--- SOURCE RECORDS Enclosed Below ---
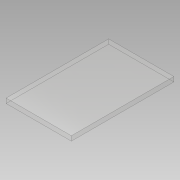
# Autodesk Inventor part: TAPA INFERIOR
Saved by Autodesk Inventor 2019 (Build 230136000, 136)
## iProperties
Created: 2020-04-08
Part Number: TAPA INFERIOR
Material: Plástico PMMA
Document SubType Name: Modeling
Designer: Luis Pujol
Density: 1.188 g/cm^3
Appearance: Policarbonato - Claro
Author: Luis Pujol
Autodesk Inventor part; units mm, degrees
ref_plane "YZ Plane" through (0, 0, 0) normal (1, 0, 0) x (0, 1, 0)
ref_plane "XZ Plane" through (0, 0, 0) normal (0, 1, 0) x (-1, 0, 0)
ref_plane "XY Plane" through (0, 0, 0) normal (0, 0, 1) x (1, 0, 0)
sketch "Boceto1" plane through (0, 0, 0) normal (0, 1, 0) x (-1, 0, 0)
  line L0 (-70, 110) -> (70, 110)
  line L1 (70, 110) -> (70, -110)
  line L2 (70, -110) -> (-70, -110)
  line L3 (-70, -110) -> (-70, 110)
  line L4 (-70, 110) -> (70, -110) construction
  line L5 (70, 110) -> (-70, -110) construction
  point P0 (0, 0)
  dimension "d0" = 140
  dimension "d1" = 220
  constraints: 12 end point, 2 midpoint, 2 parallel, 1 horizontal, 1 perpendicular
  measures "d0" distance of L1.end L2.end
  measures "d1" distance of L0.end L1.end
extrude "Extrusión1" add sketch "Boceto1" along normal blind 10
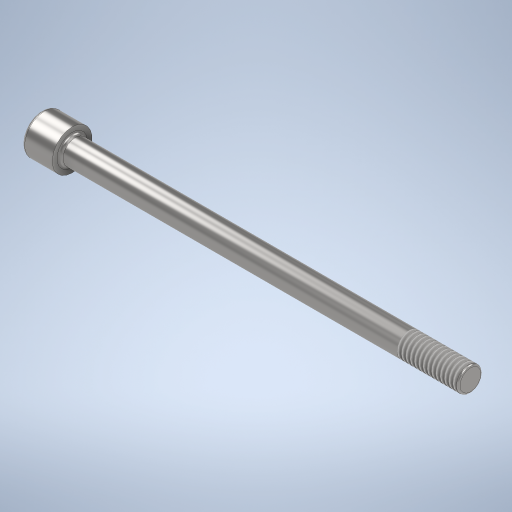
# Autodesk Inventor part: m4x70_example
Saved by Autodesk Inventor 2024 (Build 280153000, 153)
## iProperties
Created: 2025-12-19
Part Number: m4x70_example
Material: Stainless Steel
Document SubType Name: Modeling
Designer: schar
Density: 8 g/cm^3
Appearance: Semi-Polished
Author: schar
Autodesk Inventor part; units mm, degrees
ref_plane "YZ Plane" through (0, 0, 0) normal (1, 0, 0) x (0, 1, 0)
ref_plane "XZ Plane" through (0, 0, 0) normal (0, 1, 0) x (-1, 0, 0)
ref_plane "XY Plane" through (0, 0, 0) normal (0, 0, 1) x (1, 0, 0)
sketch "Sketch1" plane through (0, 0, 0) normal (1, 0, 0) x (0, 1, 0)
  circle A0 centre (0, 0) radius 3.25
  circle A1 centre (0, 0) radius 2
  dimension "d0" = 6.5
  dimension "d1" = 4
  constraints: 2 centre point, 2 coincident
  measures "d0" diameter of A0
  measures "d1" diameter of A1
extrude "Extrusion1" add sketch "Sketch1" along normal blind 5 contours A0 | A1
sketch "Sketch2" plane through (5, 0, 0) normal (1, 0, 0) x (0, 0, -1)
  circle A0 centre (0, 0) radius 2
  dimension "d4" = 4
  constraints: 1 centre point, 1 coincident
  measures "d4" diameter of A0
extrude "Extrusion2" add sketch "Sketch2" along normal blind 70
sketch "Sketch3" plane through (0, 0, 0) normal (-1, 0, 0) x (0, 0, 1)
  circle A0 centre (0, 0) radius 2 projected
  line L0 (2, -1.1547) -> (0, -2.3094)
  line L1 (0, -2.3094) -> (-2, -1.1547)
  line L2 (-2, -1.1547) -> (-2, 1.1547)
  line L3 (-2, 1.1547) -> (0, 2.3094)
  line L4 (0, 2.3094) -> (2, 1.1547)
  line L5 (2, 1.1547) -> (2, -1.1547)
  point P0 (2, 0)
  constraints: 12 end point, 1 coincident, 1 horizontal alignment, 1 midpoint, 14 other
extrude "Extrusion3" cut sketch "Sketch3" against normal blind 3.5
thread "Thread1" size "M4x0.7" class "6g" standard "ANSI Metric M Profile" length 15
fillet "Fillet1" radius 0.5 3 edges at (5, 0, 2) (0, -3.25, 0) (75, 0, 2)
sketch "Sketch4" plane through (75, 0, 0) normal (1, 0, 0) x (0, 0, -1)
  line L0 (-7.7054, 6.4284) -> (8.1646, 6.4284)
  line L1 (8.1646, 6.4284) -> (8.1646, -6.8875)
  line L2 (8.1646, -6.8875) -> (-7.7054, -6.8875)
  line L3 (-7.7054, -6.8875) -> (-7.7054, 6.4284)
  point P0 (0, 0)
  constraints: 8 end point, 2 parallel, 1 horizontal, 1 perpendicular
extrude "Extrusion4" cut sketch "Sketch4" against normal blind 5
fillet "Fillet2" radius 0.3 1 edges at (70, 0, 2)
body "Solid1"
--- End of Enclosed SOURCE RECORDS ---
- [WORK TO COMPLETE]
Look through the entries above, and wherever a line holds the word "Saved", copy it.

- [ANSWER SPACE]
Saved by Autodesk Inventor 2019 (Build 230136000, 136)
Saved by Autodesk Inventor 2024 (Build 280153000, 153)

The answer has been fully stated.